No Big 12 basketball team looks to have what it will take to deny Kansas University (11-1) a ninth consecutive conference title, and the gap between the best and the rest appears wider than in most seasons.

Still, with a nonconference game against a Temple team that recently gave Syracuse its first loss, it’s too early to discuss whether KU has a legitimate chance at an undefeated Big 12 season.

KU ran the table in 2001-2002 en route to a 33-4 record that ended in the Final Four in Atlanta with a semifinal loss to national-champion Maryland and never has done so again.

The conference schedule is two games longer now with 18 games, which makes the feat even tougher. If the Jayhawks pulled it off this season, it would come as no greater a shock than some of the remarkable streaks going on of late with a team that only vaguely resembles the squad that lost Nov. 13 to Michigan State in Atlanta in the Georgia Dome, site of this year’s Final Four.

Streaks such as:

• In the past four games, sophomore guard Naadir Tharpe has played 71 minutes without committing a turnover and has 22 assists. He has made seven of nine three-pointers in the last three games.
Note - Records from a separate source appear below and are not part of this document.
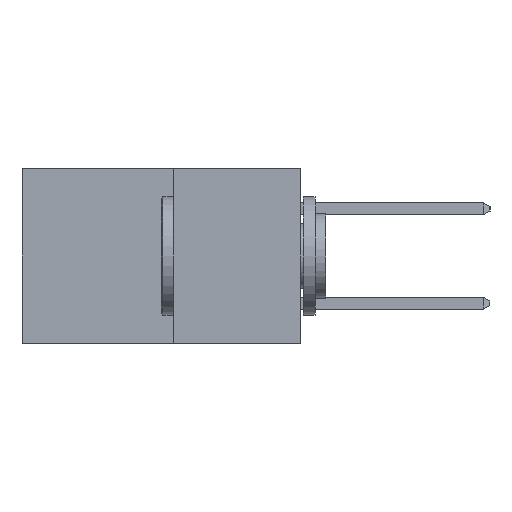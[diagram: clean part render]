
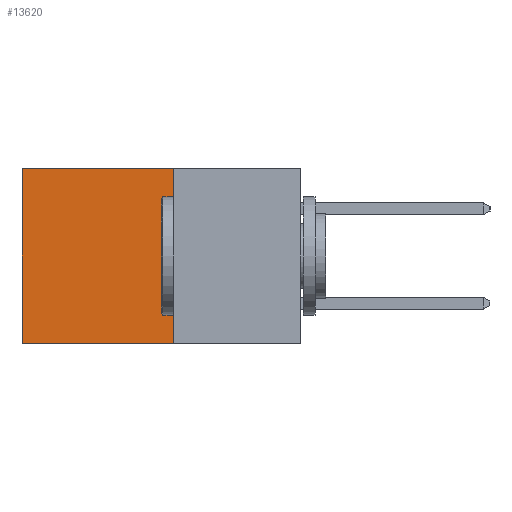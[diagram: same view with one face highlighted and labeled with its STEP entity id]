
A CAD part, left-side view. The second image highlights one B-rep face of the part: STEP entity #13620.
In plain terms, the highlighted planar face has unit normal (-1, 0, 0).
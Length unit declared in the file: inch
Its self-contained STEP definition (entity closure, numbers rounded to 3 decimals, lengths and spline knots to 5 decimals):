
#916 = CARTESIAN_POINT ( 'NONE',  ( 0.277, 0.27, -0.37 ) ) ;
#1227 = VERTEX_POINT ( 'NONE', #5767 ) ;
#1436 = LINE ( 'NONE', #6651, #13129 ) ;
#1663 = LINE ( 'NONE', #12147, #7222 ) ;
#2062 = DIRECTION ( 'NONE',  ( 0., 0., -1. ) ) ;
#2771 = CARTESIAN_POINT ( 'NONE',  ( 0.277, 0.27, -0.37 ) ) ;
#2837 = CARTESIAN_POINT ( 'NONE',  ( 0.277, 0.59, 0. ) ) ;
#2943 = ORIENTED_EDGE ( 'NONE', *, *, #8036, .F. ) ;
#3180 = EDGE_CURVE ( 'NONE', #10554, #1227, #13669, .T. ) ;
#3218 = EDGE_CURVE ( 'NONE', #6280, #6385, #1663, .T. ) ;
#3821 = CARTESIAN_POINT ( 'NONE',  ( 0.277, 0.27, 0. ) ) ;
#4236 = EDGE_LOOP ( 'NONE', ( #4899, #4731, #2943, #5709 ) ) ;
#4731 = ORIENTED_EDGE ( 'NONE', *, *, #3180, .F. ) ;
#4748 = DIRECTION ( 'NONE',  ( 0., 1., 0. ) ) ;
#4883 = CARTESIAN_POINT ( 'NONE',  ( 0.277, 0.27, -0.37 ) ) ;
#4899 = ORIENTED_EDGE ( 'NONE', *, *, #7176, .T. ) ;
#4966 = AXIS2_PLACEMENT_3D ( 'NONE', #916, #8683, #2062 ) ;
#5092 = VECTOR ( 'NONE', #5904, 39.37008 ) ;
#5709 = ORIENTED_EDGE ( 'NONE', *, *, #3218, .T. ) ;
#5767 = CARTESIAN_POINT ( 'NONE',  ( 0.277, 0.59, -0.37 ) ) ;
#5904 = DIRECTION ( 'NONE',  ( 0., 0., -1. ) ) ;
#6280 = VERTEX_POINT ( 'NONE', #3821 ) ;
#6385 = VERTEX_POINT ( 'NONE', #2837 ) ;
#6489 = PLANE ( 'NONE',  #4966 ) ;
#6564 = DIRECTION ( 'NONE',  ( 0., 0., -1. ) ) ;
#6651 = CARTESIAN_POINT ( 'NONE',  ( 0.277, 0.59, -0.37 ) ) ;
#7119 = FACE_OUTER_BOUND ( 'NONE', #4236, .T. ) ;
#7176 = EDGE_CURVE ( 'NONE', #6385, #1227, #1436, .T. ) ;
#7222 = VECTOR ( 'NONE', #7327, 39.37008 ) ;
#7327 = DIRECTION ( 'NONE',  ( 0., 1., 0. ) ) ;
#8001 = LINE ( 'NONE', #4883, #5092 ) ;
#8036 = EDGE_CURVE ( 'NONE', #6280, #10554, #8001, .T. ) ;
#8683 = DIRECTION ( 'NONE',  ( 1., 0., 0. ) ) ;
#8728 = CARTESIAN_POINT ( 'NONE',  ( 0.277, 0.27, -0.37 ) ) ;
#10448 = VECTOR ( 'NONE', #4748, 39.37008 ) ;
#10554 = VERTEX_POINT ( 'NONE', #8728 ) ;
#12147 = CARTESIAN_POINT ( 'NONE',  ( 0.277, 0.27, 0. ) ) ;
#13129 = VECTOR ( 'NONE', #6564, 39.37008 ) ;
#13620 = ADVANCED_FACE ( 'NONE', ( #7119 ), #6489, .F. ) ;
#13669 = LINE ( 'NONE', #2771, #10448 ) ;

• Senior starting power forward Kevin Young has not missed a shot from the field in three consecutive games. In 69 minutes of action, he has shot 8-for-8 from the field against Richmond, Ohio State and American.

• Since busting out of an 0-for-11, season-opening three-point shooting slump, senior guard Travis Releford has made 16 of 25 three-pointers (64 percent), nine for 11 (82 percent) in the last four games.

• In the last five games, scholarship players have made more three-point shots (43) than they have missed (42) for a percentage of .506. During that span, each opponent had an overall shooting percentage of less than .40.

• KU’s home-court winning streak stands at 29 games, second only to Syracuse (31). Saturday’s victory against American, the weakest team on KU’s schedule, pushed the Allen Fieldhouse winning streak against nonconference competition to 62 games.

Just eight of those 62 victims have lost by single-digit margins since Oral Roberts defeated Kansas, 78-71, Nov. 15, 2006. Would you believe 27 of the 62 victims (44 percent) have lost by margins of 30 points or greater? In both the 2007-08 and 2009-10 seasons, KU blistered seven teams by 30 points or more.

Bill Self’s record stands at 152-7 in his favorite basketball building.

If KU can defeat Temple and win each of its nine conference games in Allen Fieldhouse en route to a conference championship, Self would finish the season with two more consecutive Big 12 titles (nine) than Allen Fieldhouse losses (seven). Remarkable.